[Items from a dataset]
>>>>>
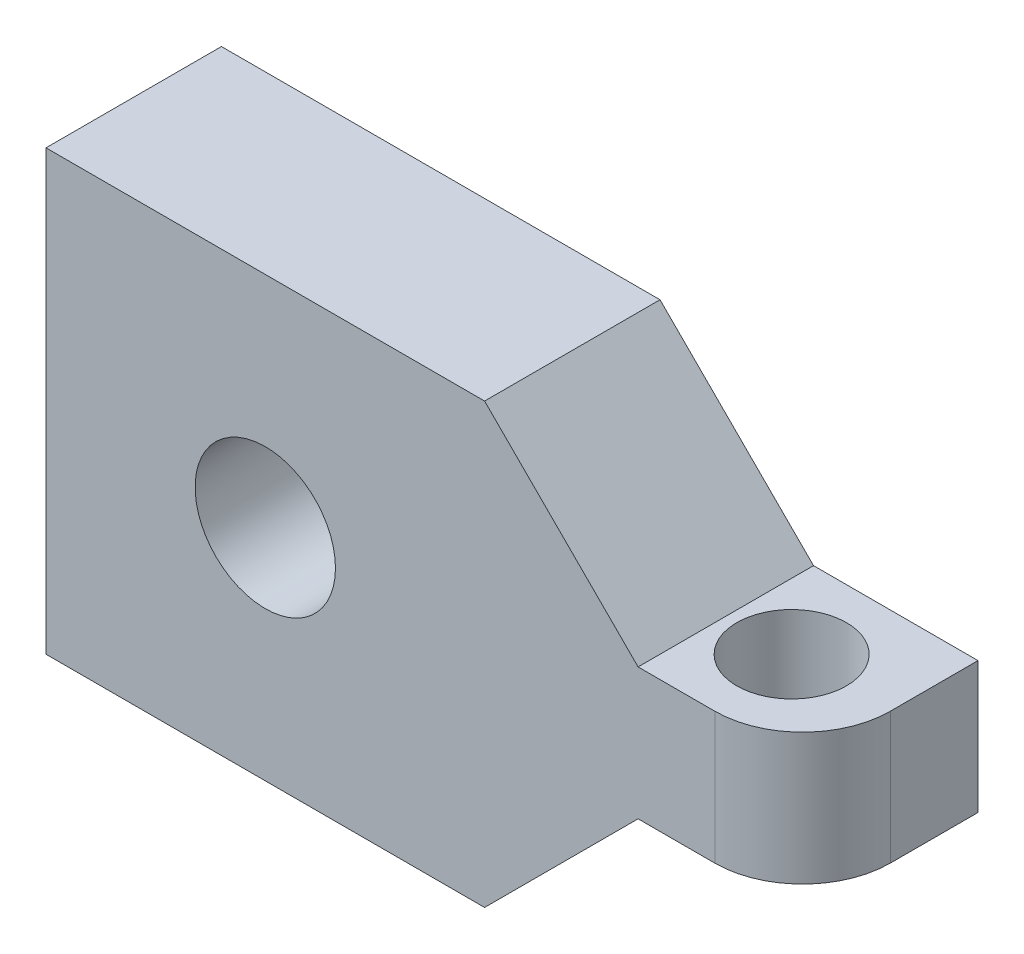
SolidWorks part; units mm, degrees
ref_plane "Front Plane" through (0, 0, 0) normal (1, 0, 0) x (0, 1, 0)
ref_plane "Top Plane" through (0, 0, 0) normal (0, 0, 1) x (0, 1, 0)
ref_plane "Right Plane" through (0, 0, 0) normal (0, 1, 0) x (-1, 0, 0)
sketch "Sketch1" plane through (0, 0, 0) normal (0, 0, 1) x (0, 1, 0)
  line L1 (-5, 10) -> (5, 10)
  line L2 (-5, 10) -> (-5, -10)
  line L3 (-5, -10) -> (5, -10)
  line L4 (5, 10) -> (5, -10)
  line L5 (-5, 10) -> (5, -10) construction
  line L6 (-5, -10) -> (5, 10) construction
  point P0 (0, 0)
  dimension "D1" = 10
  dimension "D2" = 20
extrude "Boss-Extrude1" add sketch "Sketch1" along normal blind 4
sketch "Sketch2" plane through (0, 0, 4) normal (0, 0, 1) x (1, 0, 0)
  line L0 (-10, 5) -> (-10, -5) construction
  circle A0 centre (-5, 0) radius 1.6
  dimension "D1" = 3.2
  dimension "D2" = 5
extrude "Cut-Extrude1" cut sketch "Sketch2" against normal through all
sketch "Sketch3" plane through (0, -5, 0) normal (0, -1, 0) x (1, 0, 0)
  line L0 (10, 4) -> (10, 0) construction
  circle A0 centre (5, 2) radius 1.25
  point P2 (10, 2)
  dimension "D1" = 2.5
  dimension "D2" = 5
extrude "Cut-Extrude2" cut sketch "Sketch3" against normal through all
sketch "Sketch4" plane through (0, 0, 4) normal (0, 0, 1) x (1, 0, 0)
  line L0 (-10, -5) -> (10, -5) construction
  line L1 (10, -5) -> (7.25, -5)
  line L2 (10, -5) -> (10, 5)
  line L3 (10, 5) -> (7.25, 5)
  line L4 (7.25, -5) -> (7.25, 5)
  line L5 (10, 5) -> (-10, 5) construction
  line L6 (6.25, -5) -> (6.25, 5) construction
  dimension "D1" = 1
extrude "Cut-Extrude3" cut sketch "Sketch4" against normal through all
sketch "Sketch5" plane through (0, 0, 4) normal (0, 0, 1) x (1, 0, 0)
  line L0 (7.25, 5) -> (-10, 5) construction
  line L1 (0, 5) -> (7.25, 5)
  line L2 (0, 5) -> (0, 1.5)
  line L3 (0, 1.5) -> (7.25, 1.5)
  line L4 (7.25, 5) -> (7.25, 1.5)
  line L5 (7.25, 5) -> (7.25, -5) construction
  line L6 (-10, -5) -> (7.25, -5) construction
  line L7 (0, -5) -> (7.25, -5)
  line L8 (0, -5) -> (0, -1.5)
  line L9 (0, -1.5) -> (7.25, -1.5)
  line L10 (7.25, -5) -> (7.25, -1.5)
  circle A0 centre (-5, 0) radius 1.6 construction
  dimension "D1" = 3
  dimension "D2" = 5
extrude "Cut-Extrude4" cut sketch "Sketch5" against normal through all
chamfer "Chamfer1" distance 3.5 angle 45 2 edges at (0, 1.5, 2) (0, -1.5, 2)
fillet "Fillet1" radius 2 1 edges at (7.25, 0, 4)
<<<<<
▶ **ACTION ITEM**
Every line from the top of the entries through the line that holds "line L4 (7.25, 5) -> (7.25, 1.5)" is to be quoted exactly, please, and nothing else; omit the pictures.

▶ **REPLY**
SolidWorks part; units mm, degrees
ref_plane "Front Plane" through (0, 0, 0) normal (1, 0, 0) x (0, 1, 0)
ref_plane "Top Plane" through (0, 0, 0) normal (0, 0, 1) x (0, 1, 0)
ref_plane "Right Plane" through (0, 0, 0) normal (0, 1, 0) x (-1, 0, 0)
sketch "Sketch1" plane through (0, 0, 0) normal (0, 0, 1) x (0, 1, 0)
  line L1 (-5, 10) -> (5, 10)
  line L2 (-5, 10) -> (-5, -10)
  line L3 (-5, -10) -> (5, -10)
  line L4 (5, 10) -> (5, -10)
  line L5 (-5, 10) -> (5, -10) construction
  line L6 (-5, -10) -> (5, 10) construction
  point P0 (0, 0)
  dimension "D1" = 10
  dimension "D2" = 20
extrude "Boss-Extrude1" add sketch "Sketch1" along normal blind 4
sketch "Sketch2" plane through (0, 0, 4) normal (0, 0, 1) x (1, 0, 0)
  line L0 (-10, 5) -> (-10, -5) construction
  circle A0 centre (-5, 0) radius 1.6
  dimension "D1" = 3.2
  dimension "D2" = 5
extrude "Cut-Extrude1" cut sketch "Sketch2" against normal through all
sketch "Sketch3" plane through (0, -5, 0) normal (0, -1, 0) x (1, 0, 0)
  line L0 (10, 4) -> (10, 0) construction
  circle A0 centre (5, 2) radius 1.25
  point P2 (10, 2)
  dimension "D1" = 2.5
  dimension "D2" = 5
extrude "Cut-Extrude2" cut sketch "Sketch3" against normal through all
sketch "Sketch4" plane through (0, 0, 4) normal (0, 0, 1) x (1, 0, 0)
  line L0 (-10, -5) -> (10, -5) construction
  line L1 (10, -5) -> (7.25, -5)
  line L2 (10, -5) -> (10, 5)
  line L3 (10, 5) -> (7.25, 5)
  line L4 (7.25, -5) -> (7.25, 5)
  line L5 (10, 5) -> (-10, 5) construction
  line L6 (6.25, -5) -> (6.25, 5) construction
  dimension "D1" = 1
extrude "Cut-Extrude3" cut sketch "Sketch4" against normal through all
sketch "Sketch5" plane through (0, 0, 4) normal (0, 0, 1) x (1, 0, 0)
  line L0 (7.25, 5) -> (-10, 5) construction
  line L1 (0, 5) -> (7.25, 5)
  line L2 (0, 5) -> (0, 1.5)
  line L3 (0, 1.5) -> (7.25, 1.5)
  line L4 (7.25, 5) -> (7.25, 1.5)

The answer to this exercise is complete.